This article appears in the March/April 2017 issue of strategy.
When Leo Burnett’s long-time print shop, Printed By Somerset, approached the agency to work on its branding, the creative team naturally looked at what the competition was doing, particularly online. Most of it fell flat, says Ryan Crouchman, group CD at Leo. They were basically just showing photos of their printed products, not addressing what he considered the fundamental problem of representing something as tactile and layered and messy as a print product online. “Print is physical, online is virtual,” he says. “How do you bridge that gap?”
That’s what the CRC’s #1 agency set out to do in what turned into a three-year effort involving animation, the bridging of design and digital teams, and lots of paper. The campaign dominated this year’s report card, winning at virtually every show, from Cannes to One Show to Epica to the ADCC. The creatives who worked on it topped the lists, including #1 CD Judy John, #1 AD Dejan Djuric and #1 CW Marty Hoefkes. Somerset was also the top-ranked brand. Unfortunately, the family business made the decision to shut its operations earlier this year and declined an interview for this article.

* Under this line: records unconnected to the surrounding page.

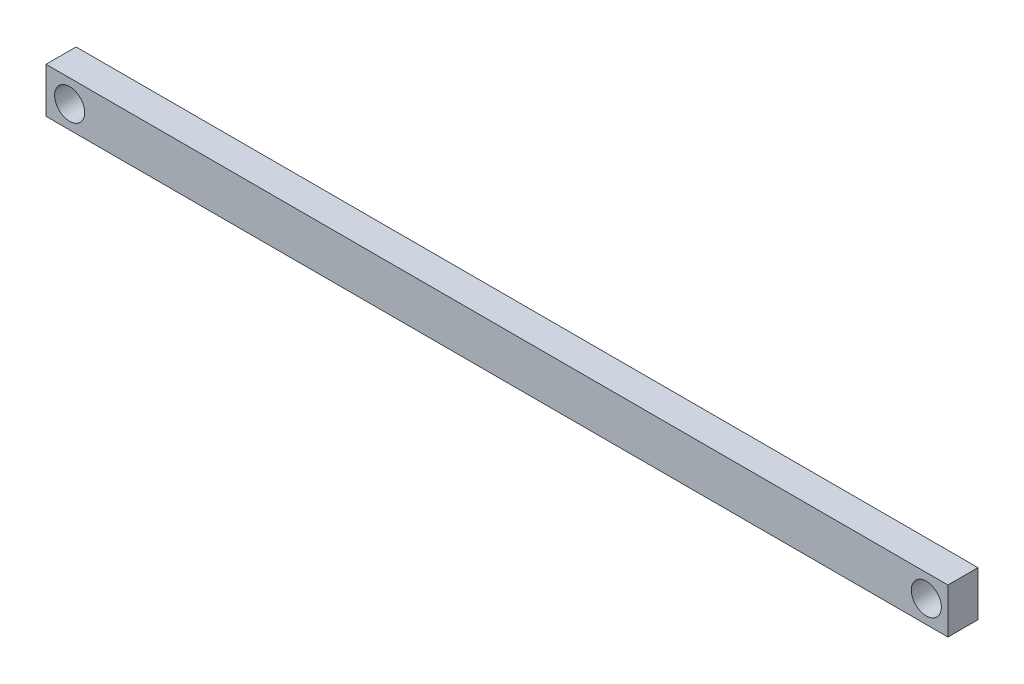
ISO-10303-21;
HEADER;
FILE_DESCRIPTION(('STEP AP214'),'2;1');
FILE_NAME('part.step','',(''),(''),'','','');
FILE_SCHEMA(('AUTOMOTIVE_DESIGN { 1 0 10303 214 1 1 1 1 }'));
ENDSEC;
DATA;
#1=APPLICATION_CONTEXT('core data for automotive mechanical design processes');
#2=APPLICATION_PROTOCOL_DEFINITION('international standard','automotive_design',2000,#1);
#3=PRODUCT_CONTEXT('',#1,'mechanical');
#4=PRODUCT('Part','Part','',(#3));
#5=PRODUCT_RELATED_PRODUCT_CATEGORY('part','',(#4));
#6=PRODUCT_DEFINITION_FORMATION('','',#4);
#7=PRODUCT_DEFINITION_CONTEXT('part definition',#1,'design');
#8=PRODUCT_DEFINITION('design','',#6,#7);
#9=PRODUCT_DEFINITION_SHAPE('','',#8);
#10=(LENGTH_UNIT() NAMED_UNIT(*) SI_UNIT(.MILLI.,.METRE.));
#11=(NAMED_UNIT(*) PLANE_ANGLE_UNIT() SI_UNIT($,.RADIAN.));
#12=(NAMED_UNIT(*) SI_UNIT($,.STERADIAN.) SOLID_ANGLE_UNIT());
#13=UNCERTAINTY_MEASURE_WITH_UNIT(LENGTH_MEASURE(1.E-05),#10,'distance_accuracy_value','');
#14=(GEOMETRIC_REPRESENTATION_CONTEXT(3) GLOBAL_UNCERTAINTY_ASSIGNED_CONTEXT((#13)) GLOBAL_UNIT_ASSIGNED_CONTEXT((#10,
#11,#12)) REPRESENTATION_CONTEXT('',''));
#15=CARTESIAN_POINT('',(0.,0.,0.));
#16=DIRECTION('',(0.,0.,1.));
#17=DIRECTION('',(1.,0.,0.));
#18=AXIS2_PLACEMENT_3D('',#15,#16,#17);
#19=CARTESIAN_POINT('',(0.,0.,10.));
#20=DIRECTION('',(0.,0.,1.));
#21=DIRECTION('',(1.,0.,0.));
#22=AXIS2_PLACEMENT_3D('',#19,#20,#21);
#23=PLANE('',#22);
#24=CARTESIAN_POINT('',(-50.278670722347,13.8721231991863,10.));
#25=DIRECTION('',(0.,0.,1.));
#26=DIRECTION('',(1.,0.,0.));
#27=AXIS2_PLACEMENT_3D('',#24,#25,#26);
#28=CIRCLE('',#27,5.);
#29=CARTESIAN_POINT('',(-45.278670722347,13.8721231991863,10.));
#30=VERTEX_POINT('',#29);
#31=EDGE_CURVE('E106',#30,#30,#28,.T.);
#32=ORIENTED_EDGE('',*,*,#31,.F.);
#33=EDGE_LOOP('',(#32));
#34=FACE_BOUND('',#33,.T.);
#35=DIRECTION('',(0.,-1.,0.));
#36=VECTOR('',#35,1.);
#37=CARTESIAN_POINT('',(-58.1347130227137,21.3721231991863,10.));
#38=LINE('',#37,#36);
#39=CARTESIAN_POINT('',(-58.1347130227137,21.3721231991863,10.));
#40=VERTEX_POINT('',#39);
#41=CARTESIAN_POINT('',(-58.1347130227137,6.37212319918633,10.));
#42=VERTEX_POINT('',#41);
#43=EDGE_CURVE('E91',#40,#42,#38,.T.);
#44=ORIENTED_EDGE('',*,*,#43,.T.);
#45=DIRECTION('',(1.,0.,0.));
#46=VECTOR('',#45,1.);
#47=CARTESIAN_POINT('',(-58.1347130227137,6.37212319918633,10.));
#48=LINE('',#47,#46);
#49=CARTESIAN_POINT('',(241.865286977286,6.37212319918633,10.));
#50=VERTEX_POINT('',#49);
#51=EDGE_CURVE('E86',#42,#50,#48,.T.);
#52=ORIENTED_EDGE('',*,*,#51,.T.);
#53=DIRECTION('',(0.,1.,0.));
#54=VECTOR('',#53,1.);
#55=CARTESIAN_POINT('',(241.865286977286,21.3721231991863,10.));
#56=LINE('',#55,#54);
#57=CARTESIAN_POINT('',(241.865286977286,21.3721231991863,10.));
#58=VERTEX_POINT('',#57);
#59=EDGE_CURVE('E89',#50,#58,#56,.T.);
#60=ORIENTED_EDGE('',*,*,#59,.T.);
#61=DIRECTION('',(-1.,0.,0.));
#62=VECTOR('',#61,1.);
#63=CARTESIAN_POINT('',(-58.1347130227137,21.3721231991863,10.));
#64=LINE('',#63,#62);
#65=EDGE_CURVE('E56',#58,#40,#64,.T.);
#66=ORIENTED_EDGE('',*,*,#65,.T.);
#67=EDGE_LOOP('',(#44,#52,#60,#66));
#68=FACE_BOUND('',#67,.T.);
#69=CARTESIAN_POINT('',(234.676155154191,13.8721231991863,10.));
#70=DIRECTION('',(0.,0.,1.));
#71=DIRECTION('',(1.,0.,0.));
#72=AXIS2_PLACEMENT_3D('',#69,#70,#71);
#73=CIRCLE('',#72,4.99999999999999);
#74=CARTESIAN_POINT('',(239.676155154191,13.8721231991863,10.));
#75=VERTEX_POINT('',#74);
#76=EDGE_CURVE('E121',#75,#75,#73,.T.);
#77=ORIENTED_EDGE('',*,*,#76,.F.);
#78=EDGE_LOOP('',(#77));
#79=FACE_BOUND('',#78,.T.);
#80=ADVANCED_FACE('F39',(#34,#68,#79),#23,.T.);
#81=CARTESIAN_POINT('',(0.,0.,0.));
#82=DIRECTION('',(0.,0.,1.));
#83=DIRECTION('',(1.,0.,0.));
#84=AXIS2_PLACEMENT_3D('',#81,#82,#83);
#85=PLANE('',#84);
#86=DIRECTION('',(0.,-1.,0.));
#87=VECTOR('',#86,1.);
#88=CARTESIAN_POINT('',(-58.1347130227137,21.3721231991863,0.));
#89=LINE('',#88,#87);
#90=CARTESIAN_POINT('',(-58.1347130227137,21.3721231991863,0.));
#91=VERTEX_POINT('',#90);
#92=CARTESIAN_POINT('',(-58.1347130227137,6.37212319918633,0.));
#93=VERTEX_POINT('',#92);
#94=EDGE_CURVE('E103',#91,#93,#89,.T.);
#95=ORIENTED_EDGE('',*,*,#94,.F.);
#96=DIRECTION('',(-1.,0.,0.));
#97=VECTOR('',#96,1.);
#98=CARTESIAN_POINT('',(-58.1347130227137,21.3721231991863,0.));
#99=LINE('',#98,#97);
#100=CARTESIAN_POINT('',(241.865286977286,21.3721231991863,0.));
#101=VERTEX_POINT('',#100);
#102=EDGE_CURVE('E79',#101,#91,#99,.T.);
#103=ORIENTED_EDGE('',*,*,#102,.F.);
#104=DIRECTION('',(0.,1.,0.));
#105=VECTOR('',#104,1.);
#106=CARTESIAN_POINT('',(241.865286977286,21.3721231991863,0.));
#107=LINE('',#106,#105);
#108=CARTESIAN_POINT('',(241.865286977286,6.37212319918633,0.));
#109=VERTEX_POINT('',#108);
#110=EDGE_CURVE('E73',#109,#101,#107,.T.);
#111=ORIENTED_EDGE('',*,*,#110,.F.);
#112=DIRECTION('',(1.,0.,0.));
#113=VECTOR('',#112,1.);
#114=CARTESIAN_POINT('',(-58.1347130227137,6.37212319918633,0.));
#115=LINE('',#114,#113);
#116=EDGE_CURVE('E95',#93,#109,#115,.T.);
#117=ORIENTED_EDGE('',*,*,#116,.F.);
#118=EDGE_LOOP('',(#95,#103,#111,#117));
#119=FACE_BOUND('',#118,.T.);
#120=CARTESIAN_POINT('',(-50.278670722347,13.8721231991863,0.));
#121=DIRECTION('',(0.,0.,1.));
#122=DIRECTION('',(1.,0.,0.));
#123=AXIS2_PLACEMENT_3D('',#120,#121,#122);
#124=CIRCLE('',#123,5.);
#125=CARTESIAN_POINT('',(-45.278670722347,13.8721231991863,0.));
#126=VERTEX_POINT('',#125);
#127=EDGE_CURVE('E118',#126,#126,#124,.T.);
#128=ORIENTED_EDGE('',*,*,#127,.T.);
#129=EDGE_LOOP('',(#128));
#130=FACE_BOUND('',#129,.T.);
#131=CARTESIAN_POINT('',(234.676155154191,13.8721231991863,0.));
#132=DIRECTION('',(0.,0.,1.));
#133=DIRECTION('',(1.,0.,0.));
#134=AXIS2_PLACEMENT_3D('',#131,#132,#133);
#135=CIRCLE('',#134,4.99999999999999);
#136=CARTESIAN_POINT('',(239.676155154191,13.8721231991863,0.));
#137=VERTEX_POINT('',#136);
#138=EDGE_CURVE('E124',#137,#137,#135,.T.);
#139=ORIENTED_EDGE('',*,*,#138,.T.);
#140=EDGE_LOOP('',(#139));
#141=FACE_BOUND('',#140,.T.);
#142=ADVANCED_FACE('F114',(#119,#130,#141),#85,.F.);
#143=CARTESIAN_POINT('',(-58.1347130227137,21.3721231991863,10.));
#144=DIRECTION('',(1.,0.,0.));
#145=DIRECTION('',(0.,0.,-1.));
#146=AXIS2_PLACEMENT_3D('',#143,#144,#145);
#147=PLANE('',#146);
#148=ORIENTED_EDGE('',*,*,#94,.T.);
#149=DIRECTION('',(0.,0.,-1.));
#150=VECTOR('',#149,1.);
#151=CARTESIAN_POINT('',(-58.1347130227137,6.37212319918633,10.));
#152=LINE('',#151,#150);
#153=EDGE_CURVE('E11',#42,#93,#152,.T.);
#154=ORIENTED_EDGE('',*,*,#153,.F.);
#155=ORIENTED_EDGE('',*,*,#43,.F.);
#156=DIRECTION('',(0.,0.,-1.));
#157=VECTOR('',#156,1.);
#158=CARTESIAN_POINT('',(-58.1347130227137,21.3721231991863,10.));
#159=LINE('',#158,#157);
#160=EDGE_CURVE('E99',#40,#91,#159,.T.);
#161=ORIENTED_EDGE('',*,*,#160,.T.);
#162=EDGE_LOOP('',(#148,#154,#155,#161));
#163=FACE_BOUND('',#162,.T.);
#164=ADVANCED_FACE('F41',(#163),#147,.F.);
#165=CARTESIAN_POINT('',(-58.1347130227137,6.37212319918633,10.));
#166=DIRECTION('',(0.,1.,0.));
#167=DIRECTION('',(0.,0.,1.));
#168=AXIS2_PLACEMENT_3D('',#165,#166,#167);
#169=PLANE('',#168);
#170=ORIENTED_EDGE('',*,*,#116,.T.);
#171=DIRECTION('',(0.,0.,-1.));
#172=VECTOR('',#171,1.);
#173=CARTESIAN_POINT('',(241.865286977286,6.37212319918633,10.));
#174=LINE('',#173,#172);
#175=EDGE_CURVE('E48',#50,#109,#174,.T.);
#176=ORIENTED_EDGE('',*,*,#175,.F.);
#177=ORIENTED_EDGE('',*,*,#51,.F.);
#178=ORIENTED_EDGE('',*,*,#153,.T.);
#179=EDGE_LOOP('',(#170,#176,#177,#178));
#180=FACE_BOUND('',#179,.T.);
#181=ADVANCED_FACE('F94',(#180),#169,.F.);
#182=CARTESIAN_POINT('',(241.865286977286,21.3721231991863,10.));
#183=DIRECTION('',(-1.,0.,0.));
#184=DIRECTION('',(0.,0.,1.));
#185=AXIS2_PLACEMENT_3D('',#182,#183,#184);
#186=PLANE('',#185);
#187=ORIENTED_EDGE('',*,*,#110,.T.);
#188=DIRECTION('',(0.,0.,-1.));
#189=VECTOR('',#188,1.);
#190=CARTESIAN_POINT('',(241.865286977286,21.3721231991863,10.));
#191=LINE('',#190,#189);
#192=EDGE_CURVE('E96',#58,#101,#191,.T.);
#193=ORIENTED_EDGE('',*,*,#192,.F.);
#194=ORIENTED_EDGE('',*,*,#59,.F.);
#195=ORIENTED_EDGE('',*,*,#175,.T.);
#196=EDGE_LOOP('',(#187,#193,#194,#195));
#197=FACE_BOUND('',#196,.T.);
#198=ADVANCED_FACE('F97',(#197),#186,.F.);
#199=CARTESIAN_POINT('',(-58.1347130227137,21.3721231991863,10.));
#200=DIRECTION('',(0.,-1.,0.));
#201=DIRECTION('',(0.,0.,-1.));
#202=AXIS2_PLACEMENT_3D('',#199,#200,#201);
#203=PLANE('',#202);
#204=ORIENTED_EDGE('',*,*,#102,.T.);
#205=ORIENTED_EDGE('',*,*,#160,.F.);
#206=ORIENTED_EDGE('',*,*,#65,.F.);
#207=ORIENTED_EDGE('',*,*,#192,.T.);
#208=EDGE_LOOP('',(#204,#205,#206,#207));
#209=FACE_BOUND('',#208,.T.);
#210=ADVANCED_FACE('F111',(#209),#203,.F.);
#211=CARTESIAN_POINT('',(-50.278670722347,13.8721231991863,10.));
#212=DIRECTION('',(0.,0.,-1.));
#213=DIRECTION('',(-1.,0.,0.));
#214=AXIS2_PLACEMENT_3D('',#211,#212,#213);
#215=CYLINDRICAL_SURFACE('',#214,5.);
#216=ORIENTED_EDGE('',*,*,#31,.T.);
#217=EDGE_LOOP('',(#216));
#218=FACE_BOUND('',#217,.T.);
#219=ORIENTED_EDGE('',*,*,#127,.F.);
#220=EDGE_LOOP('',(#219));
#221=FACE_BOUND('',#220,.T.);
#222=ADVANCED_FACE('F141',(#218,#221),#215,.F.);
#223=CARTESIAN_POINT('',(234.676155154191,13.8721231991863,10.));
#224=DIRECTION('',(0.,0.,-1.));
#225=DIRECTION('',(-1.,0.,0.));
#226=AXIS2_PLACEMENT_3D('',#223,#224,#225);
#227=CYLINDRICAL_SURFACE('',#226,4.99999999999999);
#228=ORIENTED_EDGE('',*,*,#76,.T.);
#229=EDGE_LOOP('',(#228));
#230=FACE_BOUND('',#229,.T.);
#231=ORIENTED_EDGE('',*,*,#138,.F.);
#232=EDGE_LOOP('',(#231));
#233=FACE_BOUND('',#232,.T.);
#234=ADVANCED_FACE('F130',(#230,#233),#227,.F.);
#235=CLOSED_SHELL('',(#80,#142,#164,#181,#198,#210,#222,#234));
#236=MANIFOLD_SOLID_BREP('B2',#235);
#237=ADVANCED_BREP_SHAPE_REPRESENTATION('',(#18,#236),#14);
#238=SHAPE_DEFINITION_REPRESENTATION(#9,#237);
ENDSEC;
END-ISO-10303-21;

As with all its design work, Leo viewed Somerset as an opportunity for the client to instantly communicate its message and stand out. And because Somerset’s clients were a discerning bunch – fellow designers and art directors “who live and breathe print,” says Crouchman – it was also a chance for the agency to show off its design abilities.
Since hiring the first designer in 2005, Leo Burnett has placed more and more emphasis on that side of its operation. There are now 10 designers helping the agency attract clients and expand its role with existing ones, says Judy John, Leo’s Canadian CEO and North American CCO.
“Design is the future of what we want to do here and it should be at the heart of everything we do,” she says. “[It] can have such a big impact on brands, and our belief is it should permeate every brand.”
For Somerset, the team settled on a lo-fi approach. There were discussions about using CGI or 3D technologies for the new website, but the creatives worried “that there was an authenticity that would be lost,” says Crouchman, this year’s #5 AD and #8 CD. “We wanted it to be a physical experience so we thought it has to be a physical process.”
After playing with a few ideas, they settled on stop-motion animation as the best way to represent the printed page online. They printed the entire website and photographed it, with a few moving parts: various tear-off components, like cartoon headshots that flip over to reveal short bios; a scratch-off URL; and an animated printer GIF.
“There’s a charm to stop-motion,” Crouchman says. “It’s never 100% perfect. It has that jitter to it. As long as that’s not distracting we think it adds a warmth and a human quality – a charming imperfection, if you will.”
That charm was earned. Any adjustments meant reprinting the site, and there had to be several backup copies on hand while shooting, since stop-motion requires a lot of bending and tearing to get the right movements, Crouchman says, leading to lost pages.
The design and digital teams worked closely, planning every part of the shoot, right down to the frame, to ensure the animation wouldn’t be too large and lead to an excessively long load time. “It’s like a huge Frankenstein but we managed to pull it all together pretty seamlessly,” Crouchman says.
The printed website was a hit with Somerset’s clients: it printed 2,000 copies to send out upon request, which quickly became a backlog of several thousand. And Leo’s work bringing the printed page into the digital world captured the imagination of the design community.
“When you have good design and you have a good brand identity, it allows us to cut across every channel of communication in a way that signals it’s from that brand,” John says. “When you can infuse design in that and have a real thought to how you execute, it just makes our job so much easier – in brand recognition, in helping our clients stand out.”